OpenAI’s Recent Funding

Concurrent with the Pentagon agreement, OpenAI announced a $110 million funding round led by Amazon, Nvidia, and Softbank [1]. Nvidia and Softbank each contributed $30 billion, whereas Amazon committed an initial $15 billion, with the potential for an additional $35 billion upon meeting certain conditions [1]. These conditions may include OpenAI going public or achieving artificial general intelligence (AGI) [1].
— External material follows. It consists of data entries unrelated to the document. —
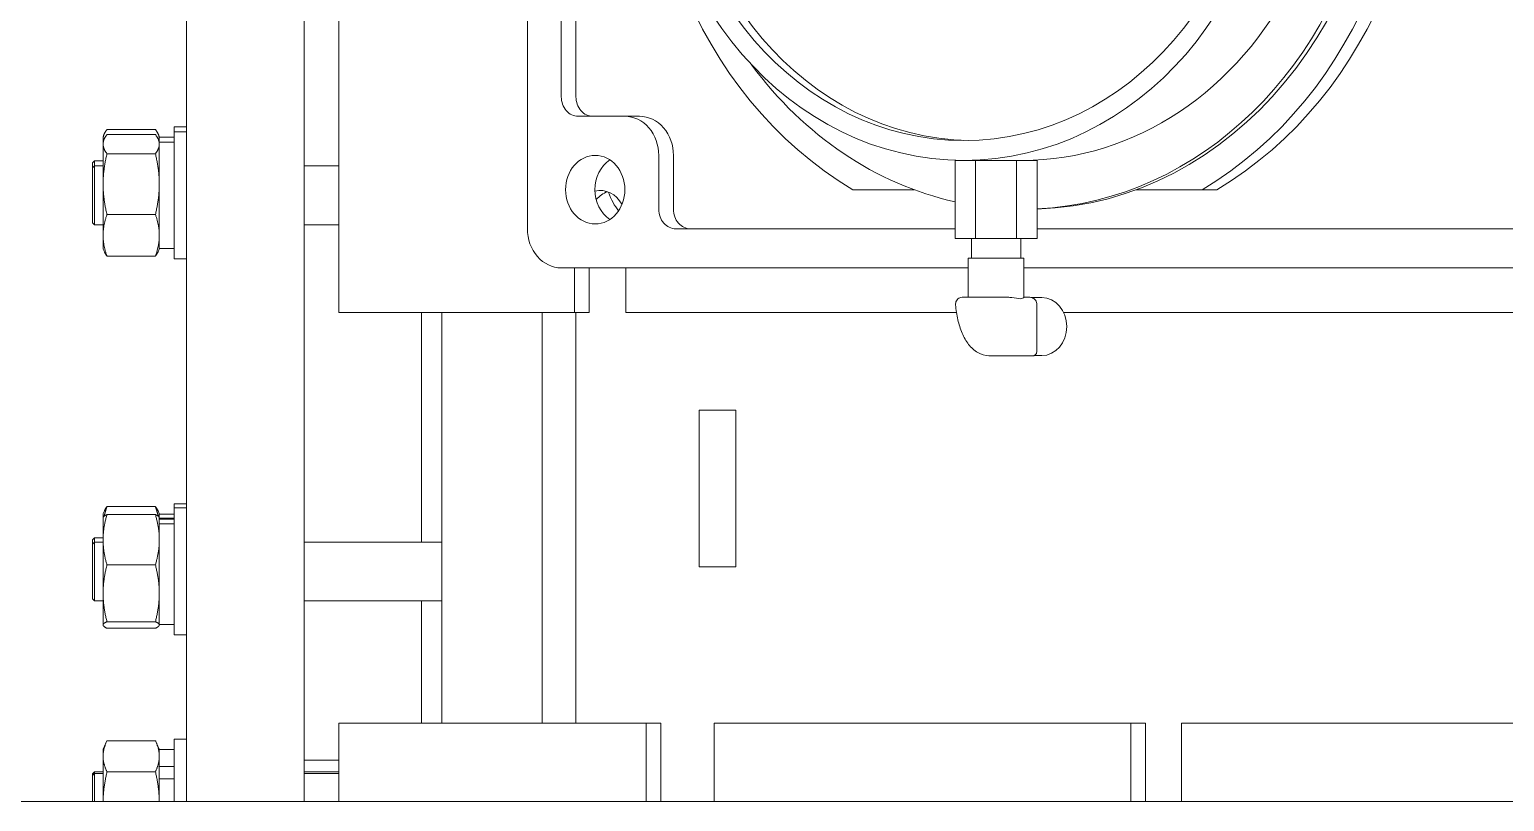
# Model space of a CAD drawing. Header units: inches. Extents: x 12 to 318, y 5 to 204.
# Drawn here: x 225.86 to 235.28, y 75.82 to 80.75 of the extents above; entities that cross this region are included whole.
import ezdxf

# ---------------------------------------------------------------- set-up
doc = ezdxf.new("R2010")
doc.units = ezdxf.units.IN
doc.header["$LTSCALE"] = 9.5
doc.header["$MEASUREMENT"] = 0
doc.layers.add('Symbol (ANSI)', color=7, linetype='Continuous', lineweight=25)
doc.layers.add('Visible', color=7, linetype='Continuous', lineweight=18)
doc.styles.add('Standard D-E', font='arial.ttf')
doc.dimstyles.new('in [mm] D-E NeptuneBenson$7', dxfattribs={"dimscale": 9.5, "dimtxt": 0.15, "dimasz": 0.098425, "dimexe": 0.125, "dimexo": 0.063, "dimgap": 0.031496, "dimtad": 0, "dimtih": 1, "dimtoh": 1, "dimdec": 4, "dimzin": 3, "dimdsep": 46, "dimlunit": 5, "dimtxsty": 'Standard D-E', "dimcen": 0.09, "dimdle": 0.393701, "dimclrd": 256, "dimclre": 256, "dimclrt": 256, "dimadec": 1, "dimazin": 1, "dimtfac": 1, "dimtofl": 0, "dimtmove": 0, "dimatfit": 3, "dimfxl": 1, "dimfrac": 1, "dimtolj": 1, "dimtzin": 4, "dimlwd": -1, "dimlwe": -1, "dimarcsym": 0})

msp = doc.modelspace()

# ---------------------------------------------------------------- linework, layer by layer
at = {"layer": 'Visible'}
for p, q in [((229.041079, 79.476313), (229.041079, 86.976313)), ((229.257616, 80.320063), (229.257616, 86.132563)), ((229.351366, 86.132563), (229.351366, 80.320063)), ((226.864597, 75.816313), (226.864597, 84.831313)), ((227.614597, 75.816313), (227.614597, 84.831313)), ((227.837789, 81.441313), (227.837789, 78.941313)), ((229.663535, 80.195063), (229.365869, 80.195063)), ((229.757285, 80.195063), (229.663535, 80.195063)), ((226.331597, 80.066448), (226.339852, 80.084151)), ((226.331597, 80.066448), (226.331597, 80.049612)), ((226.665781, 80.110985), (226.356412, 80.110985)), ((226.665781, 80.078715), (226.356412, 80.078715)), ((226.690597, 80.066448), (226.682342, 80.084151)), ((226.690597, 80.049612), (226.690597, 80.066448)), ((226.784597, 80.062448), (226.690597, 80.062448)), ((226.784597, 80.096178), (226.784597, 80.128448)), ((226.864597, 80.128448), (226.784597, 80.128448)), ((226.784597, 79.284178), (226.784597, 80.096178)), ((226.864597, 80.096178), (226.784597, 80.096178)), ((226.331597, 80.034178), (226.339852, 80.051881)), ((226.331597, 80.049612), (226.331597, 80.034178)), ((226.331597, 80.034178), (226.331597, 80.017342)), ((226.331597, 80.017342), (226.331597, 79.7617)), ((226.690597, 80.034178), (226.682342, 80.051881)), ((226.690597, 80.034178), (226.690597, 80.049612)), ((226.690597, 80.017342), (226.690597, 80.034178)), ((226.784597, 80.030178), (226.690597, 80.030178)), ((226.690597, 79.7617), (226.690597, 80.017342)), ((226.264597, 79.897448), (226.277097, 79.909948)), ((226.264597, 79.865178), (226.264597, 79.897448)), ((226.264597, 79.865178), (226.277097, 79.877678)), ((226.277097, 79.909948), (226.277097, 79.877678)), ((226.331597, 79.909948), (226.277097, 79.909948)), ((226.277097, 79.877678), (226.277097, 79.502678)), ((226.331597, 79.877678), (226.277097, 79.877678)), ((226.665781, 79.955968), (226.356412, 79.955968)), ((227.837789, 79.877678), (227.614597, 79.877678)), ((229.880041, 79.601348), (229.880041, 79.945063)), ((229.973791, 79.945063), (229.973791, 79.601348)), ((231.828328, 79.913778), (231.771787, 79.913778)), ((231.771787, 79.913778), (231.771787, 79.413778)), ((231.902902, 79.913778), (231.828328, 79.913778)), ((231.902902, 79.913778), (231.902902, 79.413778)), ((232.165134, 79.913778), (231.902902, 79.913778)), ((232.165134, 79.913778), (232.165134, 79.413778)), ((232.29625, 79.913778), (232.165134, 79.913778)), ((232.29625, 79.913778), (232.29625, 79.413778)), ((226.264597, 79.515178), (226.264597, 79.865178)), ((226.331597, 79.7617), (226.331597, 79.434536)), ((226.690597, 79.434536), (226.690597, 79.7617)), ((231.50998, 79.726348), (231.118612, 79.726348)), ((233.350544, 79.726348), (232.927927, 79.726348)), ((233.444294, 79.726348), (233.350544, 79.726348)), ((226.264597, 79.515178), (226.277097, 79.502678)), ((226.331597, 79.502678), (226.277097, 79.502678)), ((226.665781, 79.567431), (226.356412, 79.567431)), ((227.837789, 79.502678), (227.614597, 79.502678)), ((226.331597, 79.434536), (226.331597, 79.346178)), ((226.690597, 79.346178), (226.690597, 79.434536)), ((231.771787, 79.476348), (229.988295, 79.476348)), ((231.771787, 79.413778), (231.902902, 79.413778)), ((231.877038, 79.413778), (231.877038, 79.288778)), ((231.902902, 79.413778), (232.165134, 79.413778)), ((232.165134, 79.413778), (232.29625, 79.413778)), ((232.190999, 79.413778), (232.190999, 79.288778)), ((237.509144, 79.476348), (232.29625, 79.476348)), ((226.331597, 79.346178), (226.339852, 79.328475)), ((226.690597, 79.346178), (226.682342, 79.328475)), ((226.784597, 79.350178), (226.690597, 79.350178)), ((226.665781, 79.301641), (226.356412, 79.301641)), ((226.864597, 79.284178), (226.784597, 79.284178)), ((231.856519, 79.226313), (229.257586, 79.226313)), ((229.341163, 78.941313), (229.341163, 79.226313)), ((229.434913, 79.226313), (229.434913, 78.941313)), ((229.670252, 79.226313), (229.670252, 78.941313)), ((232.211517, 79.288778), (231.856519, 79.288778)), ((231.856519, 79.288778), (231.856519, 79.038778)), ((232.211517, 79.288778), (232.211517, 79.038129)), ((237.593877, 79.226313), (232.211517, 79.226313)), ((231.925631, 79.038778), (231.820714, 79.038778)), ((232.071397, 79.038778), (231.96648, 79.038778)), ((232.107982, 79.038778), (232.071397, 79.038778)), ((232.247976, 79.038778), (232.211517, 79.038778)), ((232.262972, 79.036538), (232.325134, 79.036538)), ((228.056539, 78.941313), (227.837789, 78.941313)), ((228.056539, 78.941313), (229.341163, 78.941313)), ((228.364597, 78.941313), (228.364597, 77.474385)), ((228.494597, 76.316313), (228.494597, 78.941313)), ((229.134711, 76.316313), (229.134711, 78.941313)), ((229.434913, 78.941313), (229.341163, 78.941313)), ((229.351217, 78.941313), (229.351217, 76.316313)), ((229.670252, 78.941313), (231.780853, 78.941313)), ((232.294226, 78.992528), (232.294226, 78.693845)), ((232.465352, 78.941313), (237.518211, 78.941313)), ((231.992561, 78.663778), (232.263098, 78.663778)), ((232.275502, 78.666018), (232.325134, 78.666018)), ((230.137767, 78.316313), (230.371637, 78.316313)), ((230.137767, 78.316313), (230.137767, 77.316313)), ((230.371637, 78.316313), (230.371637, 77.316313)), ((226.784597, 77.692885), (226.784597, 77.718993)), ((226.864597, 77.718993), (226.784597, 77.718993)), ((226.331597, 77.656993), (226.339852, 77.674696)), ((226.331597, 77.656993), (226.331597, 77.630885)), ((226.331597, 77.630885), (226.33248, 77.63278)), ((226.331597, 77.630885), (226.331597, 77.489084)), ((226.665781, 77.70153), (226.356412, 77.70153)), ((226.665781, 77.649761), (226.356412, 77.649761)), ((226.690597, 77.656993), (226.682342, 77.674696)), ((226.690597, 77.630885), (226.689713, 77.63278)), ((226.690597, 77.630885), (226.690597, 77.656993)), ((226.784597, 77.652993), (226.690597, 77.652993)), ((226.690597, 77.489084), (226.690597, 77.630885)), ((226.784597, 77.626885), (226.690597, 77.626885)), ((226.784597, 77.620528), (226.690597, 77.620528)), ((226.784597, 76.880885), (226.784597, 77.692885)), ((226.864597, 77.692885), (226.784597, 77.692885)), ((226.784597, 77.589857), (226.690597, 77.589857)), ((226.264597, 77.487993), (226.277097, 77.500493)), ((226.264597, 77.461885), (226.264597, 77.487993)), ((226.264597, 77.461885), (226.277097, 77.474385)), ((226.264597, 77.111885), (226.264597, 77.461885)), ((226.277097, 77.500493), (226.277097, 77.474385)), ((226.331597, 77.500493), (226.277097, 77.500493)), ((226.277097, 77.474385), (226.277097, 77.099385)), ((226.331597, 77.474385), (226.277097, 77.474385)), ((226.331597, 77.489084), (226.331597, 77.146968)), ((226.690597, 77.146968), (226.690597, 77.489084)), ((228.494597, 77.474385), (227.614597, 77.474385)), ((226.665781, 77.328406), (226.356412, 77.328406)), ((230.137767, 77.316313), (230.371637, 77.316313)), ((226.331597, 77.146968), (226.331597, 76.94477)), ((226.690597, 76.94477), (226.690597, 77.146968)), ((226.264597, 77.111885), (226.277097, 77.099385)), ((226.331597, 77.099385), (226.277097, 77.099385)), ((228.494597, 77.099385), (227.614597, 77.099385)), ((228.364597, 77.099385), (228.364597, 76.316313)), ((226.665781, 76.96553), (226.356412, 76.96553)), ((226.331597, 76.94477), (226.331597, 76.942885)), ((226.331597, 76.942885), (226.33248, 76.940991)), ((226.665781, 76.92401), (226.356412, 76.92401)), ((226.690597, 76.942885), (226.689713, 76.940991)), ((226.784597, 76.946885), (226.690597, 76.946885)), ((226.690597, 76.942885), (226.690597, 76.94477)), ((226.864597, 76.880885), (226.784597, 76.880885)), ((227.837789, 76.316313), (228.056539, 76.316313)), ((227.837789, 76.316313), (227.837789, 75.816313)), ((229.800156, 76.316313), (228.056539, 76.316313)), ((229.800156, 75.816313), (229.800156, 76.316313)), ((229.800156, 76.316313), (229.893906, 76.316313)), ((229.893906, 76.316313), (229.893906, 75.816313)), ((232.894032, 76.316313), (230.233169, 76.316313)), ((230.233169, 76.316313), (230.233169, 75.816313)), ((232.894032, 75.816313), (232.894032, 76.316313)), ((232.894032, 76.316313), (232.987782, 76.316313)), ((232.987782, 76.316313), (232.987782, 75.816313)), ((237.206838, 76.316313), (233.218791, 76.316313)), ((233.218791, 76.316313), (233.218791, 75.816313)), ((226.331597, 76.151732), (226.356412, 76.204949)), ((226.665781, 76.204949), (226.356412, 76.204949)), ((226.690597, 76.151732), (226.665781, 76.204949)), ((226.784597, 75.816313), (226.784597, 76.213732)), ((226.864597, 76.213732), (226.784597, 76.213732)), ((226.331597, 76.151732), (226.331597, 76.105645)), ((226.331597, 76.105645), (226.331597, 75.816313)), ((226.690597, 76.105645), (226.690597, 76.151732)), ((226.784597, 76.147732), (226.690597, 76.147732)), ((226.690597, 75.816313), (226.690597, 76.105645)), ((226.784597, 76.039187), (226.690597, 76.039187)), ((227.614597, 76.081313), (227.837789, 76.081313)), ((226.264597, 75.992704), (226.277097, 76.005204)), ((226.264597, 75.982732), (226.277097, 75.995232)), ((226.264597, 75.982732), (226.264597, 75.992704)), ((226.264597, 75.816313), (226.264597, 75.982732)), ((226.277097, 76.005204), (226.277097, 75.995232)), ((226.331597, 76.005204), (226.277097, 76.005204)), ((226.277097, 75.995232), (226.277097, 75.816313)), ((226.331597, 75.995232), (226.277097, 75.995232)), ((226.665781, 76.006341), (226.356412, 76.006341)), ((226.784597, 75.962146), (226.690597, 75.962146)), ((227.837789, 76.005204), (227.614597, 76.005204)), ((227.837789, 75.995232), (227.614597, 75.995232)), ((237.616625, 75.816313), (225.059256, 75.816313))]:
    msp.add_line(p, q, dxfattribs=at)
for centre, major_axis, ratio, start_param, end_param in [((232.203328, 82.226278), (0, 2.625), 0.8660254, 3.1824788, 7.14836042), ((232.234578, 82.226278), (0, 2.8125), 0.8660254, 3.61752935, 8.94884126), ((232.328328, 82.226278), (0, 2.8125), 0.8660254, 3.61752935, 6.28318531), ((232.234578, 82.226278), (0, 2.625), 0.8660254, 3.1687243, 6.28318531), ((232.203328, 82.226278), (0, 2.3125), 0.8660254, 3.14159265, 6.28318531), ((231.890828, 82.226278), (0, 2.186419), 0.8660254, 0.01650463, 3.12508802), ((232.203328, 82.226278), (0, -2.625), 0.8660254, 5.41801019, 6.09219719), ((229.365869, 80.320063), (0, -0.125), 0.8660254, 4.71238898, 6.28318531), ((229.459619, 80.320063), (0, -0.125), 0.8660254, 4.71238898, 6.28318531), ((229.663535, 79.945063), (0, 0.25), 0.8660254, 4.71238898, 6.28318531), ((229.757285, 79.945063), (0, 0.25), 0.8660254, 4.71238898, 6.28318531), ((229.661592, 79.726313), (0, -0.21875), 0.8660254, 3.65927979, 5.76549818), ((229.505707, 79.531313), (0, 0.19), 0.8660254, 5.27237083, 6.48758785), ((229.599457, 79.531313), (0, 0.19), 0.8660254, 0.28887788, 0.80895066), ((229.726217, 79.941313), (0, 0.406), 0.5, 2.17379455, 2.60955324), ((229.988295, 79.601348), (0, -0.125), 0.8660254, 4.71238898, 6.28318531), ((230.082045, 79.601348), (0, -0.125), 0.8660254, 4.71238898, 6.28318531), ((229.257586, 79.476313), (0, -0.25), 0.8660254, 4.71238898, 6.28318531), ((232.325134, 78.851278), (0, -0.18526), 0.8660254, 0, 3.14159265)]:
    msp.add_ellipse(centre, major_axis=major_axis, ratio=ratio, start_param=start_param, end_param=end_param, dxfattribs=at)
for centre, major_axis in [((231.828328, 82.226278), (0, 2.3125)), ((231.828328, 82.226278), (0, 2.186419)), ((229.474092, 79.726313), (0, 0.21875))]:
    msp.add_ellipse(centre, major_axis=major_axis, ratio=0.8660254, dxfattribs=at)
for points, weights in [([(226.356412, 80.110985), (226.331597, 80.078095), (226.331597, 80.049612)], [1, 1.0379548493, 1]), ([(226.356412, 80.078715), (226.331597, 80.045825), (226.331597, 80.017342)], [1, 1.0379548493, 1]), ([(226.690597, 80.049612), (226.690597, 80.078095), (226.665781, 80.110985)], [1, 1.0379548493, 1]), ([(226.690597, 80.017342), (226.690597, 80.045825), (226.665781, 80.078715)], [1, 1.0379548493, 1]), ([(226.331597, 80.049612), (226.331597, 80.043182), (226.332775, 80.036705)], [1, 1.00832350777, 1.01299632094]), ([(226.331597, 80.017342), (226.331597, 79.988858), (226.356412, 79.955968)], [1, 1.0379548493, 1]), ([(226.665781, 79.955968), (226.690597, 79.988858), (226.690597, 80.017342)], [1, 1.0379548493, 1]), ([(226.689418, 80.036705), (226.690597, 80.043182), (226.690597, 80.049612)], [1.01299632094, 1.00832350777, 1]), ([(226.356412, 79.955968), (226.331597, 79.85186), (226.331597, 79.7617)], [1, 1.0379548493, 1]), ([(226.690597, 79.7617), (226.690597, 79.85186), (226.665781, 79.955968)], [1, 1.0379548493, 1]), ([(226.331597, 79.7617), (226.331597, 79.671539), (226.356412, 79.567431)], [1, 1.0379548493, 1]), ([(226.665781, 79.567431), (226.690597, 79.671539), (226.690597, 79.7617)], [1, 1.0379548493, 1]), ([(226.356412, 79.567431), (226.331597, 79.496213), (226.331597, 79.434536)], [1, 1.0379548493, 1]), ([(226.690597, 79.434536), (226.690597, 79.496213), (226.665781, 79.567431)], [1, 1.0379548493, 1]), ([(226.331597, 79.434536), (226.331597, 79.372859), (226.356412, 79.301641)], [1, 1.0379548493, 1]), ([(226.665781, 79.301641), (226.690597, 79.372859), (226.690597, 79.434536)], [1, 1.0379548493, 1]), ([(226.356412, 79.301641), (226.345815, 79.315686), (226.339852, 79.328475)], [1, 1.0158626504, 1.01846619519]), ([(226.682342, 79.328475), (226.676378, 79.315686), (226.665781, 79.301641)], [1.01846619519, 1.0158626504, 1]), ([(226.356412, 77.649761), (226.331597, 77.563654), (226.331597, 77.489084)], [1, 1.0379548493, 1]), ([(226.33248, 77.63278), (226.336166, 77.640684), (226.356412, 77.649761)], [1.01167279663, 1.03075125274, 1]), ([(226.356412, 77.70153), (226.345201, 77.669355), (226.339166, 77.640177)], [1, 1.016797249, 1.01872696043]), ([(226.339852, 77.674696), (226.345815, 77.687485), (226.356412, 77.70153)], [1.01846619519, 1.0158626504, 1]), ([(226.683027, 77.640177), (226.676992, 77.669355), (226.665781, 77.70153)], [1.01872696043, 1.016797249, 1]), ([(226.665781, 77.70153), (226.676378, 77.687485), (226.682342, 77.674696)], [1, 1.0158626504, 1.01846619519]), ([(226.665781, 77.649761), (226.686027, 77.640684), (226.689713, 77.63278)], [1, 1.03075125274, 1.01167279663]), ([(226.690597, 77.489084), (226.690597, 77.563654), (226.665781, 77.649761)], [1, 1.0379548493, 1]), ([(226.331597, 77.489084), (226.331597, 77.414513), (226.356412, 77.328406)], [1, 1.0379548493, 1]), ([(226.665781, 77.328406), (226.690597, 77.414513), (226.690597, 77.489084)], [1, 1.0379548493, 1]), ([(226.356412, 77.328406), (226.331597, 77.231174), (226.331597, 77.146968)], [1, 1.0379548493, 1]), ([(226.690597, 77.146968), (226.690597, 77.231174), (226.665781, 77.328406)], [1, 1.0379548493, 1]), ([(226.331597, 77.146968), (226.331597, 77.062762), (226.356412, 76.96553)], [1, 1.0379548493, 1]), ([(226.665781, 76.96553), (226.690597, 77.062762), (226.690597, 77.146968)], [1, 1.0379548493, 1]), ([(226.356412, 76.96553), (226.331597, 76.954405), (226.331597, 76.94477)], [1, 1.0379548493, 1]), ([(226.690597, 76.94477), (226.690597, 76.954405), (226.665781, 76.96553)], [1, 1.0379548493, 1]), ([(226.331597, 76.94477), (226.331597, 76.935135), (226.356412, 76.92401)], [1, 1.0379548493, 1]), ([(226.665781, 76.92401), (226.690597, 76.935135), (226.690597, 76.94477)], [1, 1.0379548493, 1]), ([(226.356412, 76.204949), (226.331597, 76.151732), (226.331597, 76.105645)], [1, 1.0379548493, 1]), ([(226.690597, 76.105645), (226.690597, 76.151732), (226.665781, 76.204949)], [1, 1.0379548493, 1]), ([(226.331597, 76.105645), (226.331597, 76.059558), (226.356412, 76.006341)], [1, 1.0379548493, 1]), ([(226.665781, 76.006341), (226.690597, 76.059558), (226.690597, 76.105645)], [1, 1.0379548493, 1]), ([(226.356412, 76.006341), (226.332672, 75.90452), (226.331647, 75.816313)], [1, 1.03625007561, 1.00325640471]), ([(226.690547, 75.816313), (226.689521, 75.90452), (226.665781, 76.006341)], [1.00325640471, 1.03625007561, 1])]:
    msp.add_rational_spline(points, weights, degree=2, dxfattribs=at)
for points, knots in [([(231.775511, 78.99053), (231.77525, 78.994215), (231.775343, 78.99816), (231.77678, 79.006594), (231.778153, 79.011131), (231.782778, 79.019943), (231.785984, 79.024181), (231.793662, 79.030917), (231.797901, 79.033502), (231.806953, 79.037185), (231.811849, 79.038244), (231.817955, 79.038727), (231.819346, 79.038778), (231.820714, 79.038778)], [-0.0996467033, -0.0996467033, -0.0996467033, -0.0996467033, -0.0797173627, -0.0797173627, -0.059788022, -0.059788022, -0.0404369291, -0.0404369291, -0.0233806816, -0.0233806816, -0.0053942126, -0.0053942126, 0, 0, 0, 0]), ([(231.925631, 79.038778), (231.93203, 79.03882), (231.938654, 79.038737), (231.945269, 79.038737), (231.951883, 79.038737), (231.959037, 79.03882), (231.96648, 79.038778)], [1.118517942, 1.118517942, 1.118517942, 1.118517942, 1.176718059, 1.176718059, 1.176718059, 1.234918175, 1.234918175, 1.234918175, 1.234918175]), ([(232.107982, 79.038778), (232.117176, 79.038781), (232.126131, 79.037959), (232.156128, 79.033945), (232.174658, 79.0295), (232.187737, 79.0295), (232.200816, 79.0295), (232.2089, 79.033945), (232.211333, 79.037339), (232.211516, 79.037791), (232.211515, 79.03813)], [2.000751798, 2.000751798, 2.000751798, 2.000751798, 2.079672535, 2.079672535, 2.279000165, 2.279000165, 2.279000165, 2.478327794, 2.478327794, 2.514238801, 2.514238801, 2.514238801, 2.514238801]), ([(232.294226, 78.992528), (232.294226, 78.996911), (232.293699, 79.001488), (232.291114, 79.010727), (232.289028, 79.015389), (232.283257, 79.023729), (232.279639, 79.027401), (232.271581, 79.033144), (232.267187, 79.035233), (232.258182, 79.038023), (232.253577, 79.038668), (232.248766, 79.038774), (232.24837, 79.038778), (232.247976, 79.038778)], [-1.04719755, -1.04719755, -1.04719755, -1.04719755, -0.83775804, -0.83775804, -0.62831853, -0.62831853, -0.42703691, -0.42703691, -0.2282757, -0.2282757, -0.01883619, -0.01883619, 0, 0, 0, 0]), ([(231.775511, 78.99053), (231.777815, 78.958015), (231.782455, 78.926032), (231.796302, 78.865122), (231.805495, 78.8362), (231.828457, 78.783067), (231.842199, 78.758828), (231.875029, 78.716555), (231.894209, 78.698383), (231.938223, 78.672496), (231.963023, 78.664581), (231.989822, 78.663798), (231.991191, 78.663778), (231.992561, 78.663778)], [1.71152429, 1.71152429, 1.71152429, 1.71152429, 1.99753796, 1.99753796, 2.28355164, 2.28355164, 2.56956531, 2.56956531, 2.85557898, 2.85557898, 3.12698871, 3.12698871, 3.14159265, 3.14159265, 3.14159265, 3.14159265]), ([(232.294226, 78.693845), (232.294226, 78.690643), (232.293677, 78.687371), (232.291728, 78.681438), (232.290324, 78.678833), (232.287058, 78.67412), (232.285198, 78.672285), (232.281137, 78.668855), (232.2792, 78.667785), (232.274856, 78.665607), (232.273223, 78.665184), (232.269645, 78.664224), (232.268609, 78.664134), (232.266916, 78.663926), (232.266377, 78.663888), (232.265395, 78.663824), (232.265017, 78.66381), (232.264309, 78.663788), (232.264007, 78.663784), (232.263505, 78.663779), (232.263298, 78.663778), (232.263098, 78.663778)], [0.0430406362, 0.0430406362, 0.0430406362, 0.0430406362, 0.0434898537, 0.0434898537, 0.0439623928, 0.0439623928, 0.0445596211, 0.0445596211, 0.0454601413, 0.0454601413, 0.0470974462, 0.0470974462, 0.0501170551, 0.0501170551, 0.0531762755, 0.0531762755, 0.0568948483, 0.0568948483, 0.0612500798, 0.0612500798, 0.0648167937, 0.0648167937, 0.0648167937, 0.0648167937])]:
    msp.add_open_spline(points, degree=3, knots=knots, dxfattribs=at)

# ---------------------------------------------------------------- leaders
at = {"layer": 'Symbol (ANSI)', "annotation_type": 0, "has_hookline": 1, "hookline_direction": 1, "text_width": 14.094475}
msp.add_leader([(230.10121, 83.583411), (221.929308, 79.240679), (220.994268, 79.240679)], dimstyle='in [mm] D-E NeptuneBenson$7', override={"dimtad": 0}, dxfattribs=at)

doc.saveas('drawing.dxf')

Addressing Concerns and Safeguards

Sam Altman acknowledged that the deal with the Department of Defense was “definitely rushed” and that “the optics don’t look good” [2]. OpenAI has outlined its safeguards, stating its models cannot be used for mass domestic surveillance, autonomous weapon systems, or “high-stakes automated decisions” [2]. The company differentiates itself from other AI firms by maintaining “full discretion over its safety stack,” deploying via cloud, utilizing cleared personnel, and implementing strong contractual protections [2].